Was ich nur überhaupt nicht verstehe: In meinem Pflanzbecken/Filterbecken habe ich noch nie geschrubbt und dort ist die Folie wunderbar sauber. Wie kann das sein? Der Dreck ist doch eigentlich mehr im Filter als im Pool, der Logik nach. Naja gut, der Pool hat bei mir mehr Sonne, aber das Filterbecken kriegt auch etwas Sonne ab.
Kann mir hier jemand sagen, was da los ist?
Gruß,
Thorsten


----------



## twmemphis (28. Juli 2010)

*AW: Motor-Schrubber für Schwimmteich/Pool !*

So, habe gestern abend nochmal ordentlich geschrubbt, ist wieder alles sauber.

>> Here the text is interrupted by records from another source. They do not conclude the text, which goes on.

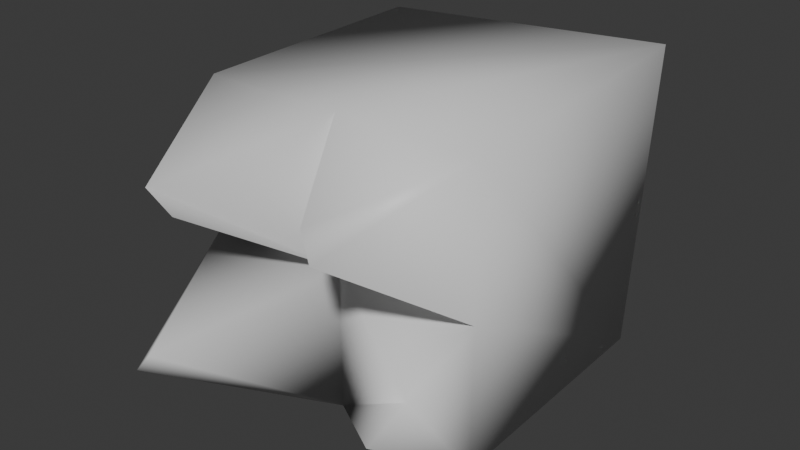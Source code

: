 # Source: toof.blend  (saved by Blender 4.0.36; exported with 4.5.12 LTS)
import bpy
from mathutils import Matrix  # noqa: F401  (used for matrix-valued properties, if any)

bpy.ops.wm.read_factory_settings(use_empty=True)
scene = bpy.context.scene
scene.name = 'Scene'

# ---- collections
col_collection = bpy.data.collections.new('Collection'); scene.collection.children.link(col_collection)

# ---- materials (node trees are filled in below, after node groups)
mat_material = bpy.data.materials.new('Material')
mat_material.alpha_threshold = 0.0
mat_material.use_transparent_shadow = False
mat_material.roughness = 0.5
mat_material.line_color = (0.0, 0.0, 0.0, 1.0)

# ---- material node trees
mat_material.use_nodes = True; mat_material.node_tree.nodes.clear()
_N = mat_material.node_tree.nodes; _L = mat_material.node_tree.links
n0 = _N.new('ShaderNodeOutputMaterial'); n0.name = 'Material Output'; n0.location = (300, 300)
n1 = _N.new('ShaderNodeBsdfPrincipled'); n1.name = 'Principled BSDF'; n1.location = (10, 300)
n1.inputs[3].default_value = 1.45
_L.new(n1.outputs[0], n0.inputs[0])
n0.is_active_output = True

# ---- world
world_world = bpy.data.worlds.new('World'); scene.world = world_world
world_world.use_nodes = True; world_world.node_tree.nodes.clear()
_N = world_world.node_tree.nodes; _L = world_world.node_tree.links
n0 = _N.new('ShaderNodeOutputWorld'); n0.name = 'World Output'; n0.location = (300, 300)
n1 = _N.new('ShaderNodeBackground'); n1.name = 'Background'; n1.location = (10, 300)
n1.inputs[0].default_value = (0.05088, 0.05088, 0.05088, 1.0)
_L.new(n1.outputs[0], n0.inputs[0])
n0.is_active_output = True
world_world.color = (0.05088, 0.05088, 0.05088)
world_world.use_sun_shadow = False
world_world.sun_shadow_jitter_overblur = 0.0

# ---- meshes
me_cube = bpy.data.meshes.new('Cube')
me_cube.from_pydata([(0.1716, -0.1716, -0.1716), (0.1716, -0.1716, 0.1716), (-0.1716, -0.1716, -0.1716), (-0.1716, -0.1716, 0.1716), (0.0, -0.1716, 0.1716), (0.0, -0.1716, -0.1716), (0.1716, -0.1716, 7.5e-09), (0.0, -0.1716, 7.5e-09), (-0.1716, -0.1716, 7.5e-09), (0.1157, -0.3385, 0.1506), (0.1294, -0.3432, 0.1223), (-0.07953, -0.3138, 0.0888), (-0.09707, -0.3279, 0.1194), (-0.1442, -0.3304, -0.1045), (-0.1234, -0.3287, -0.07904), (0.1474, -0.2433, -0.05838), (0.1288, -0.2782, -0.1001), (0.1363, 0.1579, -0.1102), (0.1692, 0.1337, -0.1664), (0.1297, 0.1542, 0.1317), (0.1721, 0.1599, 0.1921), (-0.1358, 0.2005, -0.1404), (-0.173, 0.121, -0.1515), (-0.1329, 0.1628, 0.1406), (-0.1772, 0.1357, 0.1743)], [], [(1, 20, 24, 3, 4), (3, 24, 22, 2, 8), (15, 7, 5, 16), (7, 8, 14), (17, 21, 23, 19), (0, 18, 20, 1, 6), (4, 7, 9), (8, 7, 11), (5, 7, 14, 13), (1, 4, 9, 10), (6, 1, 10), (7, 6, 10, 9), (4, 3, 12), (3, 8, 11, 12), (7, 4, 12, 11), (2, 5, 13), (8, 2, 13, 14), (6, 7, 15), (5, 0, 16), (0, 6, 15, 16), (19, 23, 24, 20), (17, 19, 20, 18), (23, 21, 22, 24), (21, 17, 18, 22), (2, 22, 18, 0, 5)])
me_cube.polygons.foreach_set('use_smooth', [True] * 25)
_uv = me_cube.uv_layers.new(name='UVMap')
_uv.uv.foreach_set('vector', [0.375, 0.75, 0.5984, 0.75, 0.5984, 1.0, 0.375, 1.0, 0.375, 0.875, 0.375, 0.0, 0.5984, 0.0, 0.5984, 0.25, 0.375, 0.25, 0.375, 0.125, 0.375, 0.625, 0.25, 0.625, 0.25, 0.5, 0.375, 0.5, 0.25, 0.625, 0.125, 0.625, 0.125, 0.625, 0.6516, 0.5266, 0.8484, 0.5266, 0.8484, 0.7234, 0.6516, 0.7234, 0.375, 0.5, 0.5984, 0.5, 0.5984, 0.75, 0.375, 0.75, 0.375, 0.625, 0.25, 0.75, 0.25, 0.625, 0.25, 0.75, 0.125, 0.625, 0.25, 0.625, 0.125, 0.625, 0.25, 0.5, 0.25, 0.625, 0.125, 0.625, 0.125, 0.5, 0.375, 0.75, 0.375, 0.875, 0.375, 0.875, 0.375, 0.75, 0.375, 0.625, 0.375, 0.75, 0.375, 0.75, 0.25, 0.625, 0.375, 0.625, 0.375, 0.75, 0.25, 0.75, 0.375, 0.875, 0.375, 1.0, 0.375, 1.0, 0.375, 0.0, 0.375, 0.125, 0.375, 0.125, 0.375, 0.0, 0.25, 0.625, 0.25, 0.75, 0.125, 0.75, 0.125, 0.625, 0.375, 0.25, 0.375, 0.375, 0.375, 0.25, 0.375, 0.125, 0.375, 0.25, 0.375, 0.25, 0.375, 0.125, 0.375, 0.625, 0.25, 0.625, 0.375, 0.625, 0.375, 0.375, 0.375, 0.5, 0.375, 0.5, 0.375, 0.5, 0.375, 0.625, 0.375, 0.625, 0.375, 0.5, 0.6516, 0.7234, 0.8484, 0.7234, 0.875, 0.75, 0.625, 0.75, 0.6516, 0.5266, 0.6516, 0.7234, 0.5984, 0.75, 0.5984, 0.5, 0.8484, 0.7234, 0.8484, 0.5266, 0.875, 0.5, 0.875, 0.75, 0.8484, 0.5266, 0.6516, 0.5266, 0.625, 0.5, 0.875, 0.5, 0.375, 0.25, 0.5984, 0.25, 0.5984, 0.5, 0.375, 0.5, 0.375, 0.375])
me_cube.materials.append(mat_material)
me_cube.use_mirror_vertex_groups = False
me_cube.update()

# ---- objects
ob_cube = bpy.data.objects.new('Cube', me_cube)

# ---- transforms, parenting, visibility, modifiers, constraints
ob_cube.location = (0.0, 0.0, 0.0)
ob_cube.lock_rotations_4d = False
ob_cube.empty_display_type = 'ARROWS'
ob_cube.lineart.crease_threshold = 0.0

# ---- collection membership
col_collection.objects.link(ob_cube)

# ---- scene / render settings (as saved in the file)
scene.frame_start = 1; scene.frame_end = 250; scene.frame_set(1)
scene.render.engine = 'BLENDER_EEVEE_NEXT'
scene.cycles.sampling_pattern = 'TABULATED_SOBOL'
bpy.context.view_layer.update()

# ---- added for rendering (the .blend has no active camera and no usable light): camera, sun
cam_auto = bpy.data.cameras.new('AutoCamera')
cam_auto.lens = 50.0
cam_auto.sensor_width = 36.0
cam_auto.clip_end = 1000.0
ob_auto_camera = bpy.data.objects.new('AutoCamera', cam_auto)
scene.collection.objects.link(ob_auto_camera)
ob_auto_camera.location = (0.683569, -0.894733, 0.559155)
ob_auto_camera.rotation_euler = (1.09748, -7.21219e-08, 0.694738)
scene.camera = ob_auto_camera
light_auto_sun = bpy.data.lights.new('AutoSun', 'SUN')
light_auto_sun.energy = 3.0
light_auto_sun.angle = 0.0523599
ob_auto_sun = bpy.data.objects.new('AutoSun', light_auto_sun)
scene.collection.objects.link(ob_auto_sun)
ob_auto_sun.rotation_euler = (0.872665, 0.174533, 0.523599)
bpy.context.view_layer.update()

Ich bin übrigens noch immer dabei, mit dem Hersteller mal darüber zu sprechen, daß der MotoScrubber zum vernünftigen Preis in Deutschland bei Pool-Shops zu kaufen sein wird. Und die Chancen stehen gut, daß Preise um 500 Euro erreichbar sind, was zwar noch immer viel Geld ist, aber die Leistung entspricht sicher weit mehr dem Preis als bei den meisten anderen Geräten.
Gruß,
Thorsten


----------



## Lebensraumcoach (2. Aug. 2010)

*AW: Motor-Schrubber für Schwimmteich/Pool !*

Hallo Thorsten,

danke für deine Antwort. Wir haben die Ablagerungen nur am Boden, dort werden diese allerdings immer mehr. Trotzdem wir alle 2 Tage unseren Poolroboter fahren lassen. Es dürfte an 2 Punkten liegen: 1. an der Folie, deren Oberfläche strukturiert ist und 2. daran, dass der Naturpoolbauer den Boden extrem uneben gemacht hat und in den Mulden die Ablagerungen liegen bleiben, da der Poolsauger diese Mulden nicht reinigen kann.
Mühsam! Na, das kommt davon, wenn ein Schwimmteichbauer glaubt er könne Naturpools bauen!
Diese Woche haben wir einiges entfernt und zwar mit einer speziellen Spoilerbürste, womit wir die Wände auch mal zwischendurch reinigen. Aber das ist sehr aufwendig.

Zu deiner Frage, warum deine Flecken nur im Poolbereich sind hab ich folgende Idee: hast du die Flecken nur dort? D.h. zw. Holzdeck und Folie? Wenn ja, könnte es sein, dass die Flecken vom Holz kommen?!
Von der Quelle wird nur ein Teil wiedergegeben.